А Семен подмаргивал про себя из-под драного картуза под писк ерзавших весел. А когда Серегин доставал папиросу, признал жестяную коробочку с крашеной бабочкой наверху. Показывал ему как-то Егор Иваныч эту коробочку, тыкал к носу и говорил:
– Хорош я себе портсигар уделал?!
Чу-дак! А был у него настоящий портсигар, на пружинке. На его глазах тогда и зашвырнул в реку, хоть бы ему подарил!
– А понсигарчик-то ваш надышний ущупал я, рашницей достал. А это у вас, с бабочкой какой был?
– Подгребайся, подгребайся… с бабочкой! С солдаткой-то как?
– Хе-э… ничаво.
От шалашика лаяла на воду рыжая Лиска с белоголовым кутенком, и казалось, что в чаще есть еще Лиска и тоже радуется.
Прямо с ходу Серегин осмотрел запасные баканы, кучу ржавых цепей, оглянул реку, привычно выискивая отсветы кос и наносов.
– Как на скате?
– У таей, у долгой, новый перекатец задират… Да от ее версту туды, квыше… заманиха рость стала на глыби… да к буграм, жалились, что низвергло, да к Каменьям…

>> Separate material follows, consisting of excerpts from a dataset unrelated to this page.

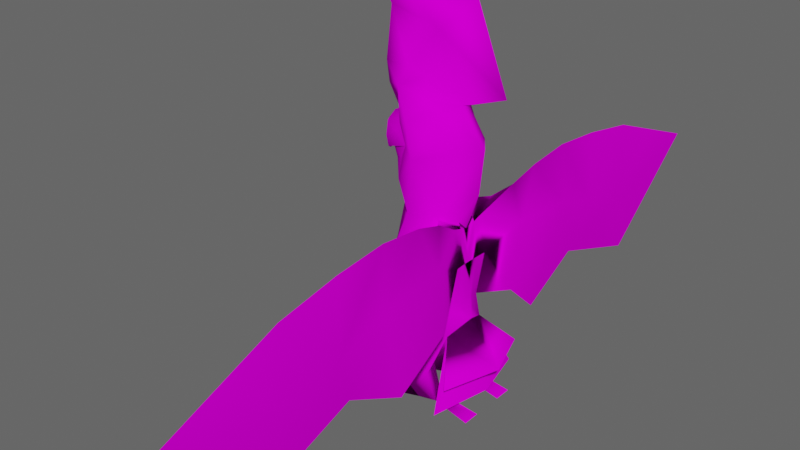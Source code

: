 # Source: Cockatoo.blend  (saved by Blender 3.1.7; exported with 4.5.12 LTS)
import bpy
from mathutils import Matrix  # noqa: F401  (used for matrix-valued properties, if any)

bpy.ops.wm.read_factory_settings(use_empty=True)
scene = bpy.context.scene
scene.name = 'Scene'

# ---- collections
col_collection = bpy.data.collections.new('Collection'); scene.collection.children.link(col_collection)

# ---- images (referenced by path relative to the original .blend; pixels are not part of the script)
import os
ASSET_DIR = os.environ.get("B2B_ASSET_DIR", "")  # directory of the original .blend (textures are referenced by path, not embedded)
HERE = os.path.dirname(os.path.abspath(__file__))  # packed textures are extracted next to this script under _unpacked/

def load_image(name, relpath, width, height, colorspace="sRGB"):
    """Load a texture the original file referenced (path relative to the .blend, or extracted next to this script)."""
    p = next((c for c in (os.path.join(HERE, relpath), os.path.join(ASSET_DIR, relpath)) if relpath and os.path.exists(c)), "")
    if p:
        img = bpy.data.images.load(p, check_existing=True)
        img.name = name
    else:  # same state as the original file: an image datablock whose file is absent (Cycles renders it pink)
        img = bpy.data.images.new(name, width, height)
        img.source = "FILE"
        img.filepath = "//" + (relpath or name)
    img.colorspace_settings.name = colorspace
    return img
img_cokcatoo_psd = load_image('Cokcatoo.psd', 'Cokcatoo.psd', 1024, 1024, 'sRGB')

# ---- materials (node trees are filled in below, after node groups)
mat_material = bpy.data.materials.new('Material')
mat_material.line_color = (0.0, 0.0, 0.0, 1.0)

# ---- material node trees
mat_material.use_nodes = True; mat_material.node_tree.nodes.clear()
_N = mat_material.node_tree.nodes; _L = mat_material.node_tree.links
n0 = _N.new('ShaderNodeOutputMaterial'); n0.name = 'Material Output'; n0.location = (480, 300)
n1 = _N.new('ShaderNodeTexImage'); n1.name = 'Image Texture'; n1.location = (-409, 304)
n1.image = img_cokcatoo_psd
n2 = _N.new('ShaderNodeMixShader'); n2.name = 'Mix Shader'; n2.location = (260, 252)
n3 = _N.new('ShaderNodeBsdfDiffuse'); n3.name = 'Diffuse BSDF'; n3.location = (31, 374)
n4 = _N.new('ShaderNodeBsdfTransparent'); n4.name = 'Transparent BSDF'; n4.location = (50, 96)
n5 = _N.new('ShaderNodeMath'); n5.name = 'Math'; n5.location = (0, 0)
n5.hide = True
n5.operation = 'GREATER_THAN'
_L.new(n1.outputs[0], n3.inputs[0])
_L.new(n2.outputs[0], n0.inputs[0])
_L.new(n3.outputs[0], n2.inputs[2])
_L.new(n4.outputs[0], n2.inputs[1])
_L.new(n1.outputs[1], n5.inputs[0])
_L.new(n5.outputs[0], n2.inputs[0])
n0.is_active_output = True

# ---- world
world_world = bpy.data.worlds.new('World'); scene.world = world_world
world_world.use_nodes = True; world_world.node_tree.nodes.clear()
_N = world_world.node_tree.nodes; _L = world_world.node_tree.links
n0 = _N.new('ShaderNodeOutputWorld'); n0.name = 'World Output'; n0.location = (300, 300)
n1 = _N.new('ShaderNodeBackground'); n1.name = 'Background'; n1.location = (10, 300)
n1.inputs[0].default_value = (0.1093, 0.1093, 0.1093, 1.0)
_L.new(n1.outputs[0], n0.inputs[0])
n0.is_active_output = True
world_world.color = (0.05088, 0.05088, 0.05088)
world_world.use_sun_shadow = False
world_world.sun_shadow_jitter_overblur = 0.0

# ---- meshes
me_cube = bpy.data.meshes.new('Cube')
me_cube.from_pydata([(-0.5527, -0.07132, 4.648), (-0.2474, -0.07132, 4.578), (0.07654, -0.1612, 4.232), (-0.5939, -0.1612, 4.433), (-0.56, -0.1612, 3.933), (-0.2019, 0.0, 0.6086), (-0.8918, 0.0, 1.238), (-0.828, 0.0, 2.127), (-0.6513, 0.0, 2.91), (-0.7989, 0.0, 3.146), (-0.8188, 0.0, 3.362), (-0.9495, 0.0, 3.401), (-0.9082, 0.0, 3.568), (-0.7867, -0.08468, 3.6), (-0.4632, -0.1612, 3.637), (-0.8417, -0.09962, 3.502), (0.4296, 0.0, 1.651), (0.3244, 0.0, 2.605), (0.5798, 0.0, 3.774), (0.266, -0.04032, 4.307), (0.8699, 0.0, 4.497), (0.4134, 0.0, 5.648), (-1.261, 0.0, 5.986), (-0.9277, 0.0, 5.353), (-0.8634, -0.069, 4.37), (-0.7912, 0.0, 3.999), (-0.8715, 0.0, 3.958), (-0.9701, 0.0, 3.829), (-1.009, 0.0, 3.657), (-0.8972, -0.07603, 4.668), (-0.1778, -0.1612, 4.341), (0.3249, -0.2, 3.745), (0.2002, -0.2471, 2.857), (-0.2595, -0.3072, 4.111), (0.04434, -0.2827, 3.923), (-0.09437, -0.3572, 3.662), (-0.1915, -0.3244, 2.885), (-0.455, -0.2465, 3.23), (-0.5777, -0.1332, 3.43), (-0.8658, -0.08983, 3.857), (-0.8439, -0.1226, 3.67), (-0.6545, -0.1361, 3.786), (-0.7341, -0.0666, 3.355), (-0.1473, -0.0157, 5.179), (-0.8859, 0.0, 4.334), (-0.9375, 0.0, 4.693), (0.3494, 0.0, 4.307), (-0.4198, -0.3831, 2.121), (-0.3059, -0.4342, 1.233), (-0.02792, -0.1067, 0.5268), (0.4261, -0.1664, 2.158), (0.4954, -0.444, 3.006), (0.462, 0.0, 1.291), (0.1406, -0.1974, 2.117), (0.2974, -0.1813, 1.474), (0.5833, -0.5133, 2.452), (0.3131, -0.5639, 2.526), (0.569, -0.4295, 1.428), (0.5362, -1.079, 3.224), (0.5539, -3.124, 2.25), (0.459, -2.277, 0.7485), (0.4541, -1.386, 1.296), (0.4596, -0.8363, 0.8029), (0.4399, -0.9661, 2.56), (0.4686, -2.279, 1.858), (0.4409, -0.9006, 1.622), (0.5944, -1.108, 2.34), (0.5944, -2.006, 1.782), (0.3456, -0.1602, 2.695), (0.3334, -0.2077, 1.115), (-0.6268, -0.1574, 0.717), (-0.2705, -0.3517, 0.4251), (0.1357, -0.3054, 0.5099), (-0.3561, -0.168, 0.447), (0.1549, 0.0, 0.6411), (0.1816, -0.1499, 0.07816), (-0.005309, -0.3063, 0.09382), (0.2298, -0.2659, 0.08876), (-0.005309, -0.109, 0.09507), (-0.9121, -0.4028, -0.01638), (-0.9121, -0.01254, -0.01638), (0.777, -0.1329, -0.01638), (0.7793, -0.2829, -0.01638), (0.4542, -1.623, 2.209), (0.5447, -2.051, 2.986), (0.939, 0.0, 0.6603), (0.6406, -0.4653, 0.6219), (0.763, 0.0, 0.2597), (0.5248, -0.4974, 0.2082), (0.4471, -1.294, 2.384), (0.5401, -1.528, 3.151), (0.5493, -2.588, 2.618), (0.4614, -1.951, 2.033), (0.5944, -1.557, 2.061), (0.3024, -0.3253, 2.853), (0.5329, -0.7021, 3.153), (0.377, 0.0, 2.128), (0.365, -0.07721, 1.37), (0.3488, -0.07721, 1.55), (0.3464, -0.08165, 2.654), (0.3962, -0.0936, 2.136), (0.3089, -0.0781, 2.738), (0.5156, 0.0, 3.151), (-0.5527, 0.07132, 4.648), (-0.2474, 0.07132, 4.578), (0.07654, 0.1612, 4.232), (-0.5939, 0.1612, 4.433), (-0.56, 0.1612, 3.933), (-0.7867, 0.08468, 3.6), (-0.4632, 0.1612, 3.637), (-0.8417, 0.09962, 3.502), (0.266, 0.04032, 4.307), (-0.8634, 0.069, 4.37), (-0.8972, 0.07603, 4.668), (-0.1778, 0.1612, 4.341), (0.3249, 0.2, 3.745), (0.2002, 0.2471, 2.857), (-0.2595, 0.3072, 4.111), (0.04434, 0.2827, 3.923), (-0.09437, 0.3572, 3.662), (-0.1915, 0.3244, 2.885), (-0.455, 0.2465, 3.23), (-0.5777, 0.1332, 3.43), (-0.8658, 0.08983, 3.857), (-0.8439, 0.1226, 3.67), (-0.6545, 0.1361, 3.786), (-0.7341, 0.0666, 3.355), (-0.1473, 0.0157, 5.179), (-0.4198, 0.3831, 2.121), (-0.3059, 0.4342, 1.233), (-0.02792, 0.1067, 0.5268), (0.4261, 0.1664, 2.158), (0.4954, 0.444, 3.006), (0.1406, 0.1974, 2.117), (0.2974, 0.1813, 1.474), (0.5833, 0.5133, 2.452), (0.3131, 0.5639, 2.526), (0.569, 0.4295, 1.428), (0.5362, 1.079, 3.224), (0.5539, 3.124, 2.25), (0.459, 2.277, 0.7485), (0.4541, 1.386, 1.296), (0.4596, 0.8363, 0.8029), (0.4399, 0.9661, 2.56), (0.4686, 2.279, 1.858), (0.4409, 0.9006, 1.622), (0.5944, 1.108, 2.34), (0.5944, 2.006, 1.782), (0.3456, 0.1602, 2.695), (0.3334, 0.2077, 1.115), (-0.6268, 0.1574, 0.717), (-0.2705, 0.3517, 0.4251), (0.1357, 0.3054, 0.5099), (-0.3561, 0.168, 0.447), (0.1816, 0.1499, 0.07816), (-0.005309, 0.3063, 0.09382), (0.2298, 0.2659, 0.08876), (-0.005309, 0.109, 0.09507), (-0.9121, 0.4028, -0.01638), (-0.9121, 0.01254, -0.01638), (0.777, 0.1329, -0.01638), (0.7793, 0.2829, -0.01638), (0.4542, 1.623, 2.209), (0.5447, 2.051, 2.986), (0.6406, 0.4653, 0.6219), (0.5248, 0.4974, 0.2082), (0.4471, 1.294, 2.384), (0.5401, 1.528, 3.151), (0.5493, 2.588, 2.618), (0.4614, 1.951, 2.033), (0.5944, 1.557, 2.061), (0.3024, 0.3253, 2.853), (0.5329, 0.7021, 3.153), (0.365, 0.07721, 1.37), (0.3488, 0.07721, 1.55), (0.3464, 0.08165, 2.654), (0.3962, 0.0936, 2.136), (0.3089, 0.0781, 2.738), (-0.5362, 0.0, 3.636)], [], [(33, 3, 4), (3, 33, 30), (31, 2, 34), (9, 8, 36, 37), (25, 26, 39), (4, 25, 39, 41), (4, 41, 14), (26, 27, 39), (39, 40, 41), (27, 28, 40, 39), (28, 11, 15, 40), (14, 41, 40, 15), (3, 24, 25, 4), (3, 29, 24), (1, 0, 3, 30), (30, 2, 19, 1), (2, 30, 33, 34), (34, 33, 35), (14, 35, 33, 4), (38, 37, 14), (14, 37, 35), (38, 42, 37), (34, 35, 31), (32, 31, 35, 36), (31, 32, 101, 102, 18), (18, 19, 2, 31), (29, 3, 0), (37, 42, 9), (10, 9, 42), (12, 10, 42, 13), (42, 38, 13), (13, 38, 14), (36, 35, 37), (0, 1, 43), (23, 29, 0, 43), (22, 23, 43, 21), (1, 19, 43), (20, 21, 43, 19), (29, 45, 44, 24), (24, 44, 25), (29, 23, 45), (18, 46, 19), (19, 46, 20), (32, 36, 47, 53), (7, 47, 36, 8), (32, 68, 99, 101), (100, 98, 16, 96), (6, 48, 47, 7), (48, 54, 53, 47), (53, 94, 32), (50, 54, 57, 55), (51, 68, 94), (54, 57, 56, 53), (90, 89, 83), (60, 59, 64), (61, 60, 64), (57, 65, 56), (63, 56, 65), (57, 62, 65), (61, 92, 83), (62, 61, 65), (55, 66, 95), (60, 59, 67), (60, 67, 61), (62, 61, 66), (55, 57, 62, 66), (96, 100, 99, 17), (52, 16, 98, 97), (50, 55, 68), (55, 51, 68), (54, 48, 69), (48, 6, 70), (70, 73, 71, 48), (48, 71, 72, 69), (6, 5, 70), (70, 49, 73), (70, 5, 49), (97, 98, 54), (52, 97, 69), (49, 69, 72), (69, 74, 52), (49, 74, 69), (49, 5, 74), (71, 76, 77, 72), (72, 77, 75, 49), (49, 75, 78, 73), (73, 78, 76, 71), (78, 80, 79, 76), (77, 75, 81, 82), (78, 75, 77, 76), (91, 92, 64, 59), (69, 52, 85, 86), (52, 69, 88, 87), (58, 89, 90), (84, 83, 92, 91), (89, 63, 65), (61, 64, 92), (91, 67, 59), (84, 67, 91), (93, 67, 84), (65, 61, 89), (89, 61, 83), (63, 95, 56), (89, 58, 63), (83, 84, 90), (58, 93, 90), (84, 90, 93), (93, 58, 66), (93, 66, 61), (67, 93, 61), (94, 56, 51), (56, 94, 53), (94, 68, 32), (66, 58, 95), (95, 51, 55), (58, 95, 63), (56, 95, 51), (100, 50, 68, 99), (50, 54, 98, 100), (69, 97, 54), (101, 17, 99), (102, 101, 17), (117, 107, 106), (106, 114, 117), (115, 118, 105), (9, 121, 120, 8), (25, 123, 26), (107, 125, 123, 25), (107, 109, 125), (26, 123, 27), (123, 125, 124), (27, 123, 124, 28), (28, 124, 110, 11), (109, 110, 124, 125), (106, 107, 25, 112), (106, 112, 113), (104, 114, 106, 103), (114, 104, 111, 105), (105, 118, 117, 114), (118, 119, 117), (109, 107, 117, 119), (122, 109, 121), (109, 119, 121), (122, 121, 126), (118, 115, 119), (116, 120, 119, 115), (115, 18, 102, 177, 116), (18, 115, 105, 111), (113, 103, 106), (121, 9, 126), (10, 126, 9), (12, 108, 126, 10), (126, 108, 122), (108, 109, 122), (120, 121, 119), (103, 127, 104), (23, 127, 103, 113), (22, 21, 127, 23), (104, 127, 111), (20, 111, 127, 21), (113, 112, 44, 45), (112, 25, 44), (113, 45, 23), (18, 111, 46), (111, 20, 46), (116, 133, 128, 120), (7, 8, 120, 128), (116, 177, 175, 148), (176, 96, 16, 174), (6, 7, 128, 129), (129, 128, 133, 134), (133, 116, 171), (131, 135, 137, 134), (132, 171, 148), (134, 133, 136, 137), (167, 162, 166), (140, 144, 139), (141, 144, 140), (137, 136, 145), (143, 145, 136), (137, 145, 142), (141, 162, 169), (142, 145, 141), (135, 172, 146), (140, 147, 139), (140, 141, 147), (142, 146, 141), (135, 146, 142, 137), (96, 17, 175, 176), (52, 173, 174, 16), (131, 148, 135), (135, 148, 132), (134, 149, 129), (129, 150, 6), (150, 129, 151, 153), (129, 149, 152, 151), (6, 150, 5), (150, 153, 130), (150, 130, 5), (173, 134, 174), (52, 149, 173), (130, 152, 149), (149, 52, 74), (130, 149, 74), (130, 74, 5), (151, 152, 156, 155), (152, 130, 154, 156), (130, 153, 157, 154), (153, 151, 155, 157), (157, 155, 158, 159), (156, 161, 160, 154), (157, 155, 156, 154), (168, 139, 144, 169), (149, 164, 85, 52), (52, 87, 165, 149), (138, 167, 166), (163, 168, 169, 162), (166, 145, 143), (141, 169, 144), (168, 139, 147), (163, 168, 147), (170, 163, 147), (145, 166, 141), (166, 162, 141), (143, 136, 172), (166, 143, 138), (162, 167, 163), (138, 167, 170), (163, 170, 167), (170, 146, 138), (170, 141, 146), (147, 141, 170), (171, 132, 136), (136, 133, 171), (171, 116, 148), (146, 172, 138), (172, 135, 132), (138, 143, 172), (136, 132, 172), (176, 175, 148, 131), (131, 176, 174, 134), (149, 134, 173), (177, 175, 17), (102, 17, 177), (25, 178, 14, 4), (178, 25, 107, 109), (109, 122, 178), (10, 126, 122, 178), (42, 10, 178, 38), (178, 14, 38)])
me_cube.polygons.foreach_set('use_smooth', [1, 1, 1, 1, 1, 1, 1, 1, 1, 1, 1, 1, 1, 1, 1, 1, 1, 1, 1, 1, 1, 1, 1, 1, 1, 1, 1, 1, 1, 1, 1, 1, 1, 1, 1, 1, 1, 1, 1, 1, 1, 1, 1, 1, 1, 1, 1, 1, 1, 1, 1, 1, 0, 1, 1, 0, 0, 0, 0, 0, 0, 1, 1, 1, 1, 1, 1, 1, 1, 1, 1, 1, 1, 1, 1, 1, 1, 1, 1, 1, 1, 1, 1, 1, 1, 1, 1, 1, 1, 1, 1, 1, 1, 1, 1, 0, 0, 1, 1, 1, 0, 0, 1, 1, 1, 1, 1, 1, 1, 1, 1, 1, 1, 1, 1, 1, 1, 1, 1, 1, 1, 1, 1, 1, 1, 1, 1, 1, 1, 1, 1, 1, 1, 1, 1, 1, 1, 1, 1, 1, 1, 1, 1, 1, 1, 1, 1, 1, 1, 1, 1, 1, 1, 1, 1, 1, 1, 1, 1, 1, 1, 1, 1, 1, 1, 1, 1, 1, 1, 1, 1, 1, 1, 1, 0, 1, 1, 0, 0, 0, 0, 0, 0, 1, 1, 1, 1, 1, 1, 1, 1, 1, 1, 1, 1, 1, 1, 1, 1, 1, 1, 1, 1, 1, 1, 1, 1, 1, 1, 1, 1, 1, 1, 1, 1, 1, 1, 0, 0, 1, 1, 1, 0, 0, 1, 1, 1, 1, 1, 1, 1, 1, 1, 1, 1, 1, 1, 1, 1, 1, 1, 1, 1, 1, 0, 0, 0, 0, 0, 0])
_k = set([(54, 57), (57, 62), (59, 60), (60, 61), (61, 62), (134, 137), (137, 142), (139, 140), (140, 141), (141, 142)])
me_cube.attributes.new('sharp_edge', 'BOOLEAN', 'EDGE').data.foreach_set('value', [ (min(e.vertices), max(e.vertices)) in _k for e in me_cube.edges])
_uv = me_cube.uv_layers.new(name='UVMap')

– Ого! Ну, завтра поврешь – погляжу. Придется под якоря двоих со Шуров взять…
– Беспременно, што взять… Братишку бы Степанидина да…
– Лакомый, чертушка, до Степанидиных!
И как сказал про Щуры – заманило на сердце. Поднял затертый чемоданчик и посмотрел к чаще. И Семен покосился к чаще.
– Стоять-то тамоди опять будете, в жилище?
– А-а…
И русая головка голубоглазой Саши, с ямочками-умилками на щеках, игривой, увертливой Саши, к которой только и ехал, о которой – теперь было ясно – только и думал эти месяцы речной жизни, встала живой. Он толкнул легонько в брыластую мордочку лизавшего сапоги кутенка, дал щелчка Лиске и пошел выбитой по осыпи тропкой. На завороте посмотрел на пески того берега, осыпанные чернотой полоскавшихся к ночи ворон, на опускавшееся солнце.